笑是笑了,主子未吩咐,它动也不动地站着,笑意缓缓敛了下去,瞳仁转也不转,看模样虽是像个人了,可举止和神态仍旧怪异。
华夙睨像床边,撘在桌案的手抬了起来,食指分外吝啬地勾了一下,好似连动动手指头都不大乐意。她手指一动,搁在桌上的细颈瓷壶兀自动起,朝杯里倒出了水。
水声徐徐,待淡茶近乎要漫至杯口时,瓷壶又自个儿回到了原处。盛了水的杯子被一阵鬼气托起,稳稳当当地送至容离手边,杯里的手连半点也没有晃出来。
容离本想抬手,可细瘦的手臂抬了一半就抬不起来了,沉沉又落回了褥子上。
“就着喝。

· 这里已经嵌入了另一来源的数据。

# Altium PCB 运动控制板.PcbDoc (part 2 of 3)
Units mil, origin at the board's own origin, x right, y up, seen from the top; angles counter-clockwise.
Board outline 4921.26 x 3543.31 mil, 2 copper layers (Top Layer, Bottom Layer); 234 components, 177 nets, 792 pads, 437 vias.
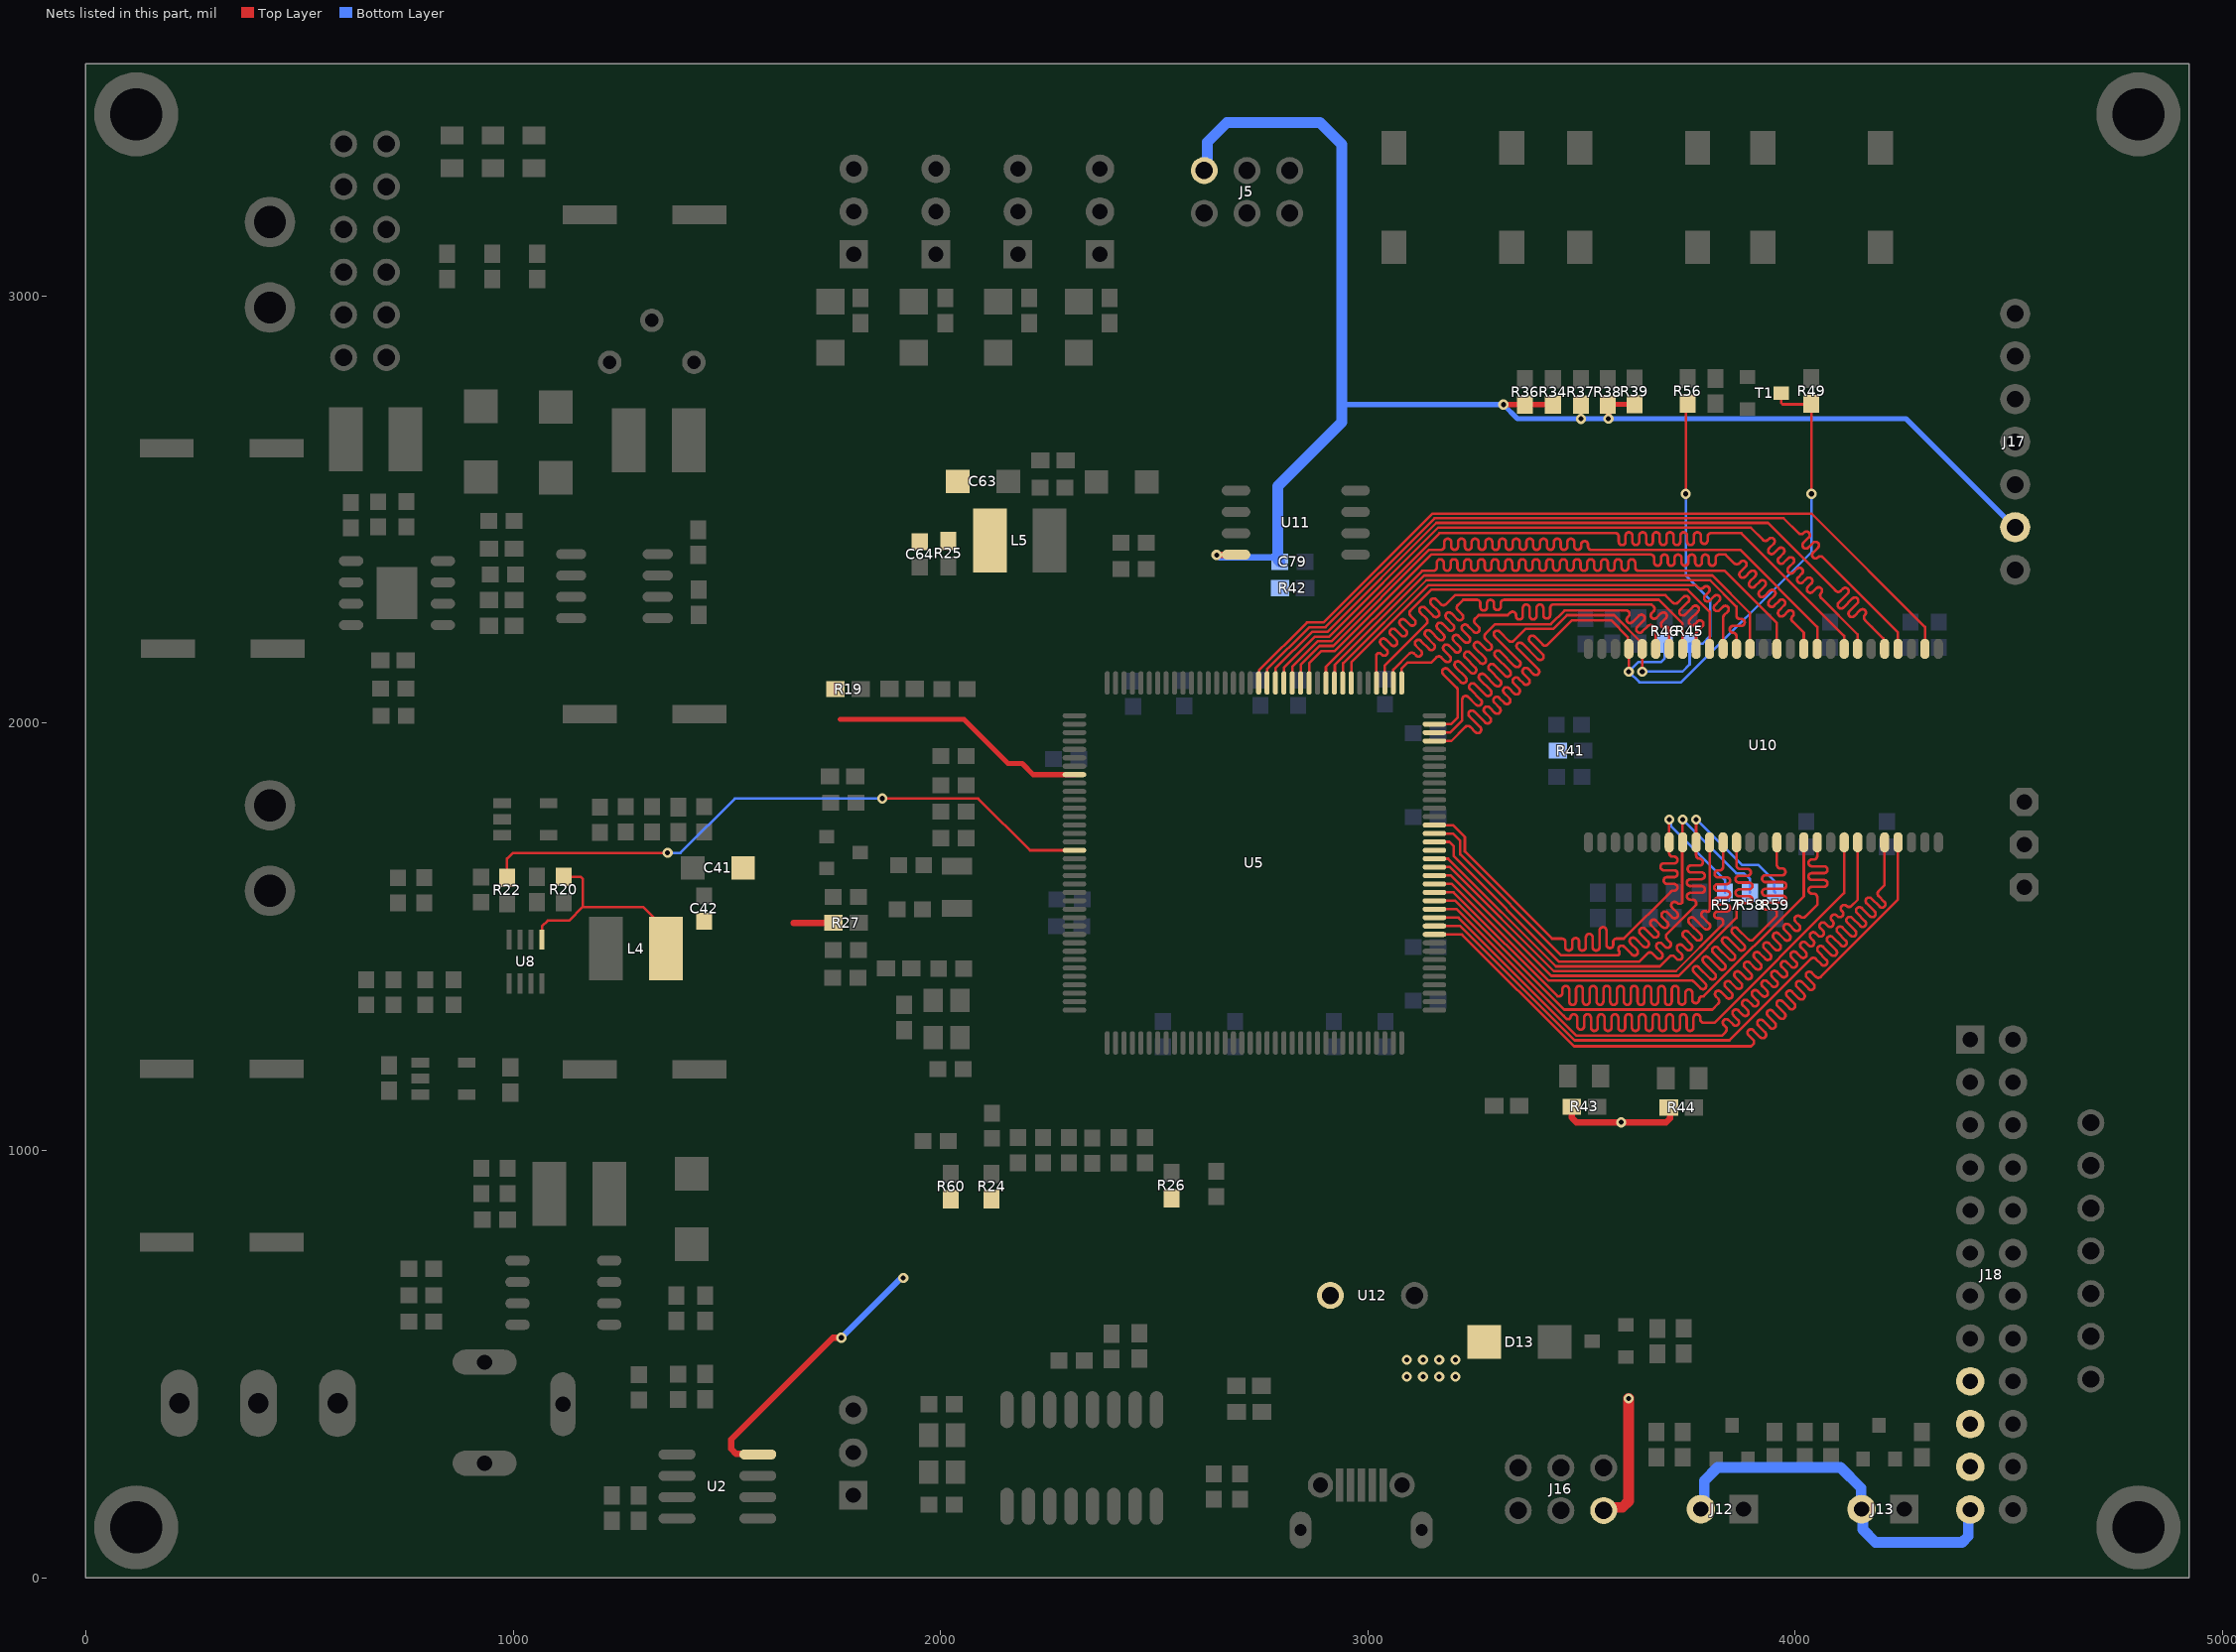
[diagram p2: the nets of this part, all layers, seen from the top]

## Via types
v1: diameter 23.62, hole 11.81, Top Layer to Bottom Layer, tented both sides, 431 vias
v2: diameter 19.68, hole 7.87, Top Layer to Bottom Layer, 6 vias

## Nets (pads, with @x,y where several pads share a name; then routed paths per layer and width w, separated by ;. In a path a pad name is that pad's centre, name@x,y a point inside that pad or via, vN(x,y) a via of type N, cw(c..) or ccw(c..) an arc to the next point about the centre after c; other vN are vias at no path point) (continued)
BT_CFG7: R57.2 U5.131 U10.34 | length 1496.7
  Top Layer w6: U5.131@3155.84,1761.76 3199.24,1761.76 3227,1734 3227,1700 3431,1496 3454.09,1496 cw(c3454.09,1488) 3462.09,1488 3462.09,1476 ccw(c3470.09,1476) 3470.09,1468 ccw(c3470.09,1476) 3478.09,1476 3478.09,1489.41 cw(c3486.09,1489.41) 3486.09,1497.41 cw(c3486.09,1489.41) 3494.09,1489.41 3494.09,1476 ccw(c3502.09,1476) 3502.09,1468 ccw(c3502.09,1476) 3510.09,1476 3510.09,1499 cw(c3518.09,1499) 3518.09,1507 cw(c3518.09,1499) 3526.09,1499 3526.09,1476 ccw(c3534.09,1476) 3534.09,1468 ccw(c3534.09,1476) 3542.09,1476 3542.09,1515 cw(c3550.09,1515) 3550.09,1523 cw(c3550.09,1515) 3558.09,1515 3558.09,1481.79 ccw(c3566.09,1481.79) 3566.09,1473.79 ccw(c3566.09,1481.79) 3574.09,1481.79 3574.09,1488 cw(c3582.09,1488) 3582.09,1496 3599,1496 3708.66,1605.66 ; U10.34@3705.07,1710.08 3705.07,1696 ccw(c3713.07,1696) 3713.07,1688 3716.6,1688 cw(c3716.6,1680) 3724.6,1680 cw(c3716.6,1680) 3716.6,1672 3692.57,1672 ccw(c3692.57,1664) 3684.57,1664 ccw(c3692.57,1664) 3692.57,1656 3716.6,1656 cw(c3716.6,1648) 3724.6,1648 cw(c3716.6,1648) 3716.6,1640 3700.29,1640 ccw(c3700.29,1632) 3692.29,1632 ccw(c3700.29,1632) 3700.29,1624 3716.6,1624 cw(c3716.6,1616) 3724.6,1616 cw(c3716.6,1616) 3716.6,1608 3714.31,1608 ccw(c3714.31,1600) 3708.66,1605.66 ; U10.34@3705.07,1712.08 U10.34@3705.07,1721.47 v1(3705.07,1774.59)
  Bottom Layer w6: v1@3706.07,1774.59 3708.96,1771.7 3708.96,1760.04 3835.5,1633.5 R57.2@3835.5,1603.62
BT_CFG8: R58.2 U5.130 U10.35 | length 1519.5
  Top Layer w6: U5.130@3155.84,1742.08 3198.92,1742.08 3216,1725 3216,1693 3452,1457 3583.14,1457 ccw(c3583.14,1463) 3588.52,1465.65 3588.41,1465.89 cw(c3594.05,1471.56) 3588.39,1477.22 cw(c3594.05,1471.56) 3599.7,1477.22 3618.27,1458.66 ccw(c3623.93,1464.31) 3629.58,1458.66 ccw(c3623.93,1464.31) 3629.58,1469.97 3614.71,1484.84 cw(c3620.37,1490.5) 3614.71,1496.16 cw(c3620.37,1490.5) 3626.03,1496.16 3644.16,1478.03 ccw(c3649.81,1483.68) 3655.47,1478.03 ccw(c3649.81,1483.68) 3655.47,1489.34 3637.34,1507.47 cw(c3643,1513.13) 3637.34,1518.78 cw(c3643,1513.13) 3648.65,1518.78 3666.61,1500.83 ccw(c3672.26,1506.49) 3677.92,1500.83 ccw(c3672.26,1506.49) 3677.92,1512.14 3663.25,1526.81 cw(c3668.91,1532.47) 3663.25,1538.12 cw(c3668.91,1532.47) 3674.57,1538.12 3689.41,1523.28 ccw(c3695.07,1528.94) 3700.72,1523.28 ccw(c3695.07,1528.94) 3700.72,1534.59 3689.5,1545.82 cw(c3695.16,1551.47) 3689.5,1557.13 cw(c3695.16,1551.47) 3700.82,1557.13 3712.04,1545.91 ccw(c3717.69,1551.56) 3723.35,1545.91 ccw(c3717.69,1551.56) 3723.35,1557.22 3712.13,1568.44 cw(c3717.79,1574.1) 3712.13,1579.76 cw(c3717.79,1574.1) 3723.44,1579.76 ccw(c3729.1,1585.41) 3734.75,1579.75 3735.6,1580.6 U10.35@3735.6,1720.51 ; U10.35@3736.56,1721.47 v1(3736.56,1774.59)
  Bottom Layer w6: v1@3737.56,1774.59 3737.56,1773.44 3862,1649 3880,1649 3894.09,1634.91 R58.2@3894.09,1603.62
BT_CFG9: R59.2 U5.129 U10.36 | length 1542.9
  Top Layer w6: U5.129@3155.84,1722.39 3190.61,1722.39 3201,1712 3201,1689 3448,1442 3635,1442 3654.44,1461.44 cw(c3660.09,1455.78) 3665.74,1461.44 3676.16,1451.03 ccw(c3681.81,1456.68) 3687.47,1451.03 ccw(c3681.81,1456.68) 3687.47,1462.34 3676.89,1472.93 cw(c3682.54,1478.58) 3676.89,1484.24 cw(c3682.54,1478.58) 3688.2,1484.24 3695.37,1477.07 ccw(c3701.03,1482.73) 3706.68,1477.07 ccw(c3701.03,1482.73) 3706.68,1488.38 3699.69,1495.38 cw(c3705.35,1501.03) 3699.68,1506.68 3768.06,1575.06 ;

”华夙道。
容离眼睫一颤,身子往前一倾,把嘴唇送了过来,轻碰到杯沿上。
那悬在半空的杯子好似有人捏着,慢腾腾倾了一下,淡茶漫及她的上唇。
容离小口抿着,和小芙在身边伺候的时候无甚不同,喝了几口,她清了清嗓子道:“好了。”
缠在杯上的鬼气往回一收,这杯子也随即落回了桌上,在华夙的手边静静搁着。
屋里暗沉沉的,只余下斑驳黯淡的光落在地上,那是从窗棂和门扇雕花上照进来的。
容离坐了好一阵,才察觉屋外的天不知何时起竟灰了,天色暗了下来。
华夙抬起一根手指,杵在了手边瓷杯的杯壁上,“你头一回画这么细致,心力耗竭,故而才觉浑身无力,动弹不得。”
“可先前画马车时……不还好好的。”容离不解。
“那是我手把手带着你画的。”华夙冷冷地睨她,一副不愿多说的模样。
容离应了一声,看屋外天色已暗,想了想自己不可能在顷刻间画出一张这么得体的皮来,讶异问:“那现在是什么时辰了?”